Biggest reason is the water temp year round on the river. It's to warm for a trout population.


----------



## Steel Cranium (Aug 22, 2005)

The state stocks over 500,000 trout in rivers to the east. The Vermilion is the closest. Additionally, Michigan stocks trout in a river to the north (Huron). The Ohio fish head to the lake in the spring and spend the summer in deep water to the north and east. Once they head back to the rivers in the fall, most would probably return further east than where they were stocked in the case of the far western rivers (like the Maumee). Therefore, putting fish in the Maumee would just stock more adults in rivers to the east.
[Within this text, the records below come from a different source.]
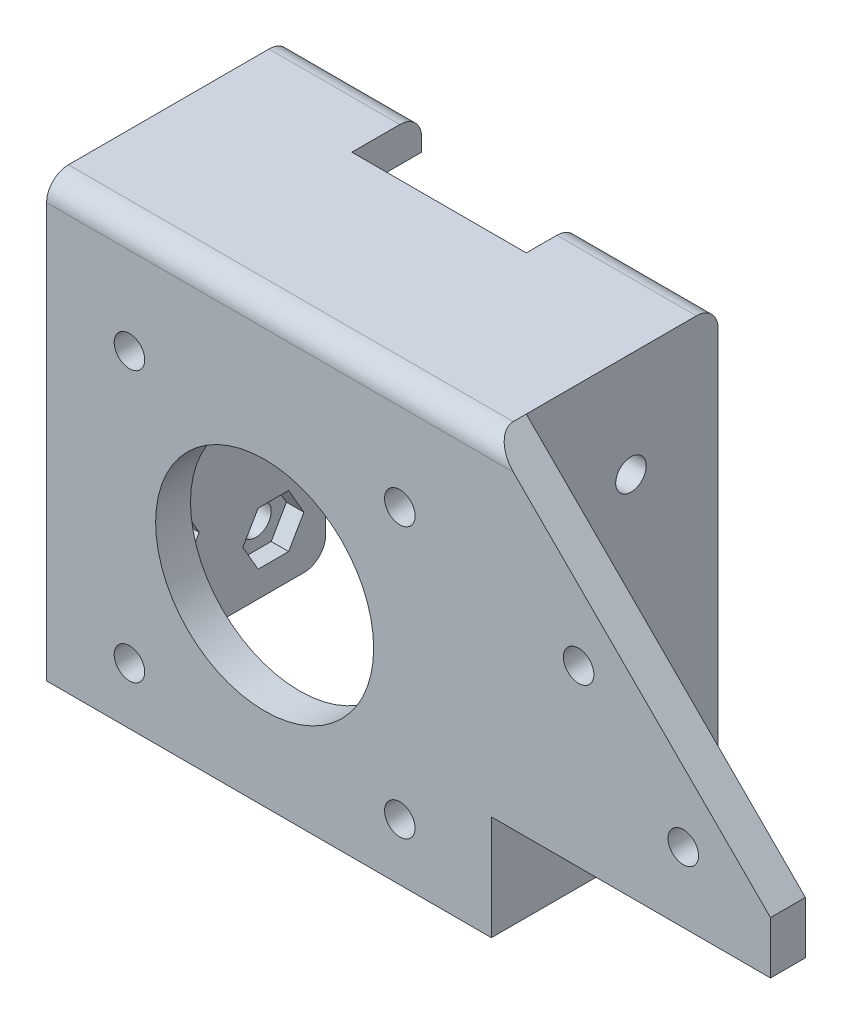
SolidWorks part; units mm, degrees
ref_plane "Front Plane" through (0, 0, 0) normal (0, 0, 1) x (1, 0, 0)
ref_plane "Top Plane" through (0, 0, 0) normal (0, 1, 0) x (1, 0, 0)
ref_plane "Right Plane" through (0, 0, 0) normal (1, 0, 0) x (0, 0, -1)
sketch "Sketch1" plane through (0, 0, 0) normal (0, 0, 1) x (1, 0, 0)
  line L0 (-50.3416, 0) -> (46.1674, 0) construction
  line L1 (0, -28.4394) -> (0, 79.8206) construction
  line L2 (58, 18) -> (26, 50)
  line L4 (-25, 0) -> (-25, 50)
  line L5 (-25, 50) -> (26, 50)
  line L6 (58, 12) -> (58, 18)
  line L7 (26, -2.2452) -> (26, 66.7313) construction
  line L10 (58, 12) -> (26, 12)
  line L11 (26, 12) -> (26, 0)
  line L12 (26, 0) -> (-25, 0)
  dimension "D1" = 50
  dimension "D2" = 38
  dimension "D3" = 6
  dimension "D5" = 26
  dimension "D6" = 45
  dimension "D7" = 51
extrude "Boss-Extrude1" add sketch "Sketch1" along normal blind 4
sketch "Sketch2" plane through (0, 0, 4) normal (0, 0, 1) x (1, 0, 0)
  line L0 (-39.1184, 22) -> (54, 22) construction
  line L1 (0, -8.7046) -> (0, 47.1631) construction
  line L2 (58, 18) -> (26, 50) construction
  line L3 (-15.5, 6.5) -> (15.5, 6.5) construction
  line L4 (-15.5, 6.5) -> (-15.5, 37.5) construction
  line L5 (-15.5, 37.5) -> (15.5, 37.5) construction
  line L6 (15.5, 6.5) -> (15.5, 37.5) construction
  line L7 (-15.5, 6.5) -> (15.5, 37.5) construction
  line L8 (-15.5, 37.5) -> (15.5, 6.5) construction
  line L9 (-25, 0) -> (26, 0) construction
  circle A0 centre (0, 22) radius 12.5
  circle A1 centre (15.5, 6.5) radius 1.75
  circle A2 centre (15.5, 37.5) radius 1.75
  circle A3 centre (-15.5, 37.5) radius 1.75
  circle A4 centre (-15.5, 6.5) radius 1.75
  point P4 (0, 22)
  dimension "D1" = 3.5
  dimension "D4" = 25
  dimension "D2" = 31
  dimension "D3" = 22
extrude "Cut-Extrude1" cut sketch "Sketch2" against normal through all
sketch "Sketch9" plane through (0, 0, 0) normal (0, 0, -1) x (-1, 0, 0)
  line L0 (-61, 20) -> (-36, 20) construction
  line L1 (-36, 20) -> (-36, 48.0747) construction
  line L2 (-26, -5.4794) -> (-26, 53.2688) construction
  line L3 (-26, 12) -> (-58, 12) construction
  circle A1 centre (-48, 20) radius 1.75
  circle A2 centre (-36, 32) radius 1.75
  dimension "D5" = 3.5
  dimension "D1" = 12
  dimension "D3" = 12
  dimension "D4" = 8
  dimension "D2" = 10
extrude "Cut-Extrude2" cut sketch "Sketch9" against normal blind 4
sketch "Sketch13" plane through (0, 0, 4) normal (0, 0, 1) x (1, 0, 0)
  line L8 (-25, 34.0255) -> (-45, 34.0255)
  line L9 (-25, 50) -> (-25, 0) construction
  line L10 (-45, 34.0255) -> (-45, 96.6007)
  line L11 (-45, 96.6007) -> (-32.0913, 96.6007)
  line L13 (58, 18) -> (26, 50) construction
  line L14 (26, 50) -> (20, 56)
  line L15 (-25, 34.0255) -> (-25, 50)
  line L17 (-32.0913, 96.6007) -> (-32.0913, 74.4017)
  line L20 (20, 56) -> (-3.8448, 56)
  line L21 (26, 50) -> (-25, 50)
  arc A3 (-3.8448, 56) -> (-32.0913, 74.4017) centre (-11.974, 74.4017) cw
  dimension "D1" = 20
  dimension "D2" = 6
extrude "Boss-Extrude7" [suppressed] add sketch "Sketch13" against normal blind 4
sketch "Sketch16" [suppressed] plane through (0, 0, 4) normal (0, 0, 1) x (1, 0, 0)
  line L0 (-38.5457, 92.6569) -> (2.0281, 52.0832) construction
  line L1 (-45, 34.0255) -> (-25, 34.0255) construction
  line L2 (-38.5457, 96.6007) -> (-38.5457, 85.5222) construction
  line L3 (-32.0913, 96.6007) -> (-45, 96.6007) construction
  circle A0 centre (2.0281, 52.0832) radius 2
  circle A1 centre (-38.5457, 92.6569) radius 2
  dimension "D3" = 4
  dimension "D1" = 57.38
  dimension "D2" = 45
extrude "Cut-Extrude6" [suppressed] cut sketch "Sketch16" against normal blind 4
sketch "Sketch17" plane through (0, 0, 0) normal (0, 0, -1) x (-1, 0, 0)
  line L0 (-26, 0) -> (-26, 50)
  line L2 (-26, 50) -> (25, 50)
  line L3 (25, 50) -> (25, 0) construction
  line L4 (25, 50) -> (25, 0)
  line L5 (25, 0) -> (21, 0)
  line L6 (25, 0) -> (-26, 0) construction
  line L7 (21, 0) -> (21, 46)
  line L8 (21, 46) -> (-21, 46)
  line L9 (-21, 46) -> (-21, 0)
  line L10 (-21, 0) -> (-26, 0)
  dimension "D1" = 42
  dimension "D2" = 21
  dimension "D3" = 4
extrude "Boss-Extrude8" add sketch "Sketch17" along normal blind 24
sketch "Sketch18" plane through (26, 0, 0) normal (1, 0, 0) x (0, 0, -1)
  line L0 (12, 4.8734) -> (12, 63.3892) construction
  circle A0 centre (12, 38) radius 1.75
  circle A1 centre (12, 20) radius 1.75
  dimension "D1" = 3.5
  dimension "D2" = 20
  dimension "D3" = 18
  dimension "D4" = 12
extrude "Cut-Extrude7" cut sketch "Sketch18" against normal up to surface (5 mm away) up to face at (21, 23, -12)
sketch "Sketch19" plane through (-25, 0, 0) normal (-1, 0, 0) x (0, 0, 1)
  line L0 (-6, 10) -> (-6, 45) construction
  line L2 (4, 0) -> (-24, 0) construction
  line L4 (-18, 6) -> (-6, 6) construction
  line L5 (-18, 6) -> (-18, 41) construction
  line L6 (-18, 41) -> (-6, 41) construction
  line L7 (-6, 6) -> (-6, 41) construction
  circle A0 centre (-18, 6) radius 1.75
  circle A2 centre (-18, 41) radius 1.75
  circle A5 centre (-6, 10) radius 1.75
  circle A6 centre (-6, 45) radius 1.75
  dimension "D5" = 3.5
  dimension "D4" = 12
  dimension "D2" = 6
  dimension "D3" = 35
  dimension "D1" = 6
  dimension "D6" = 35
  dimension "D7" = 10
extrude "Cut-Extrude8" cut sketch "Sketch19" against normal blind 10
sketch "Sketch20" plane through (0, 50, 0) normal (0, 1, 0) x (1, 0, 0)
  line L0 (-25, 24) -> (26, 24) construction
  line L1 (26, 24) -> (-10, 24)
  line L2 (26, 24) -> (26, 22)
  line L4 (-10, 24) -> (-10, 16)
  line L6 (26, 24) -> (26, 0) construction
  line L7 (-10, 16) -> (10, 16)
  line L8 (10, 16) -> (10, 22)
  line L9 (10, 22) -> (26, 22)
  dimension "D1" = 20
  dimension "D2" = 2
  dimension "D3" = 16
  dimension "D4" = 6
extrude "Cut-Extrude9" cut sketch "Sketch20" against normal up to surface (50 mm away) up to face at (0.25, 0, -11)
fillet "Fillet1" radius 2.5 4 edges at (18, 50, -22) (-17.5, 50, -24) (23.5, 0, -22) (-23, 0, -24)
sketch "Sketch22" plane through (-21, 0, 0) normal (1, 0, 0) x (0, 0, -1)
  line L0 (21.5, 0) -> (0, 0) construction
  line L1 (7.5, 42.4019) -> (9, 45)
  line L2 (9, 45) -> (7.5, 47.5981)
  line L3 (7.5, 47.5981) -> (4.5, 47.5981)
  line L4 (4.5, 47.5981) -> (3, 45)
  line L5 (3, 45) -> (4.5, 42.4019)
  line L6 (4.5, 42.4019) -> (7.5, 42.4019)
  circle A0 centre (6, 45) radius 2.5981 construction
  point P0 (6, 45)
  dimension "D1" = 3
extrude "Cut-Extrude11" cut sketch "Sketch22" along normal blind 3 and the other way blind 2
sketch "Sketch23" plane through (-21, 0, 0) normal (1, 0, 0) x (0, 0, -1)
  line L0 (21.5, 0) -> (0, 0) construction
  line L1 (19.75, 37.9689) -> (21.5, 41)
  line L2 (21.5, 41) -> (19.75, 44.0311)
  line L3 (19.75, 44.0311) -> (16.25, 44.0311)
  line L4 (16.25, 44.0311) -> (14.5, 41)
  line L5 (14.5, 41) -> (16.25, 37.9689)
  line L6 (16.25, 37.9689) -> (19.75, 37.9689)
  line L7 (7.75, 6.9689) -> (9.5, 10)
  line L8 (9.5, 10) -> (7.75, 13.0311)
  line L9 (7.75, 13.0311) -> (4.25, 13.0311)
  line L10 (4.25, 13.0311) -> (2.5, 10)
  line L11 (2.5, 10) -> (4.25, 6.9689)
  line L12 (4.25, 6.9689) -> (7.75, 6.9689)
  line L13 (16.25, 2.9689) -> (19.75, 2.9689)
  line L14 (19.75, 2.9689) -> (21.5, 6)
  line L15 (21.5, 6) -> (19.75, 9.0311)
  line L16 (19.75, 9.0311) -> (16.25, 9.0311)
  line L17 (16.25, 9.0311) -> (14.5, 6)
  line L18 (14.5, 6) -> (16.25, 2.9689)
  circle A0 centre (18, 41) radius 3.0311 construction
  circle A1 centre (6, 10) radius 3.0311 construction
  circle A2 centre (18, 6) radius 3.0311 construction
  point P0 (18, 41)
  point P1 (18, 6)
  point P3 (6, 10)
  dimension "D1" = 3.5
extrude "Cut-Extrude12" cut sketch "Sketch23" against normal blind 2
sketch "Sketch24" plane through (21, 0, 0) normal (-1, 0, 0) x (0, 0, 1)
  line L0 (-19.5, 0) -> (0, 0) construction
  line L1 (-10.2403, 41.0479) -> (-13.7597, 41.0479)
  line L2 (-13.7597, 41.0479) -> (-15.5194, 38)
  line L3 (-15.5194, 38) -> (-13.7597, 34.9521)
  line L4 (-13.7597, 34.9521) -> (-10.2403, 34.9521)
  line L5 (-10.2403, 34.9521) -> (-8.4806, 38)
  line L6 (-8.4806, 38) -> (-10.2403, 41.0479)
  line L7 (-10.25, 23.0311) -> (-13.75, 23.0311)
  line L8 (-13.75, 23.0311) -> (-15.5, 20)
  line L9 (-15.5, 20) -> (-13.75, 16.9689)
  line L10 (-13.75, 16.9689) -> (-10.25, 16.9689)
  line L11 (-10.25, 16.9689) -> (-8.5, 20)
  line L12 (-8.5, 20) -> (-10.25, 23.0311)
  circle A0 centre (-12, 38) radius 3.0479 construction
  circle A1 centre (-12, 20) radius 3.0311 construction
  point P0 (-12, 38)
  point P1 (-12, 20)
  dimension "D1" = 3.5
extrude "Cut-Extrude13" cut sketch "Sketch24" against normal blind 2
fillet "Fillet2" radius 2.5 1 edges at (0.5, 50, 4)
equation "\"motor_plate_thickness\"=4"
equation "\"D1@Boss-Extrude1\"=\"motor_plate_thickness\""
equation "\"motor_hub_diameter\"=25"
equation "\"D4@Sketch2\"=\"motor_hub_diameter\""
equation "\"motor_mount_hole_od\"=3.5"
equation "\"D1@Sketch2\"=\"motor_mount_hole_od\""
equation "\"motor_mount_hole_spacing\"=31"
equation "\"D2@Sketch2\"=\"motor_mount_hole_spacing\""
equation "\"D5@Sketch9\"=\"motor_mount_hole_od\""
equation "\"D1@Sketch18\"=\"motor_mount_hole_od\""
equation "\"D5@Sketch19\"=\"motor_mount_hole_od\""

The Sandusky is better suited for steelhead runs, especially when they remove the dam. It has the same issue as the Maumee - losing some of the originally stocked fish to streams to the east. I don't think the stocked Ohio fish have the great homing instinct as naturally hatched trout, so even though they may search for their original breeding grounds, they often end up in the first river that they find. Many of the Maumee fish are probably strays from the Huron (MI).


----------



## Flathead76 (May 2, 2010)

The salmon that are taken in the maumee are from huron.


----------



## olderfer (Feb 2, 2009)

As I understand it, steelhead that turn up in rivers other than those in which they originated are not really lost. A large percentage of the adults go "home," true. But every year a smaller percentage explores and colonizes new water. By this means, as I understand it, virtually the entire Lake Superior watershed has become steelhead water from original small stockings in Michigan streams.

Jim


----------



## voltron (Oct 13, 2010)

so glad i found this site!! glad i got back into fishing and appreciate all the knowledge!! thanks


----------



## bassmanmark (May 17, 2005)

The closest fishable water for trout or steelhead west in Ohio is Cold Creek. A nice run of steelhead. The Huron also has a decent run of steel. If you want to catch a bunch of them...I would head to the Vermilion. I actually think before they stocked the Vermilion with the Manistee strain...the run was better with the London strain. I much preferred the London strain because they were a fall run and the Manistee are a spring run. I understand that the Manistee is a stronger and larger strain...I just loved the fall run steelhead. The Sandusky is not worth fishing for steel and it will never be the kind of river the steelhead would run...dam or not. It is way to muddy. Old Womens Creek has a good run of steelhead also...even Pipe Creek near Sandusky gets a decent showing...Chance Creek near Vermilion also has a bunch run up it with little pressure. The dam that needs to be removed is the Wellington dam, it serves absolutely no purpose along with the Monroeville dam. Both completely stopped the Muskie run that use to occur before both were put in.


----------



## bassmaniac (May 10, 2004)

When would be the best time to get into the steelhead run and what would be the best way to catch them? I've never done this before and would like to give it a try.


----------



## flytyer (Jan 3, 2005)

bassmaniac, the closest river that the state stocks is the Vermillon. The DNR stocks 5 rivers with steelhead. You can find out which rivers they stock here, plus you can get maps with access sites marked. 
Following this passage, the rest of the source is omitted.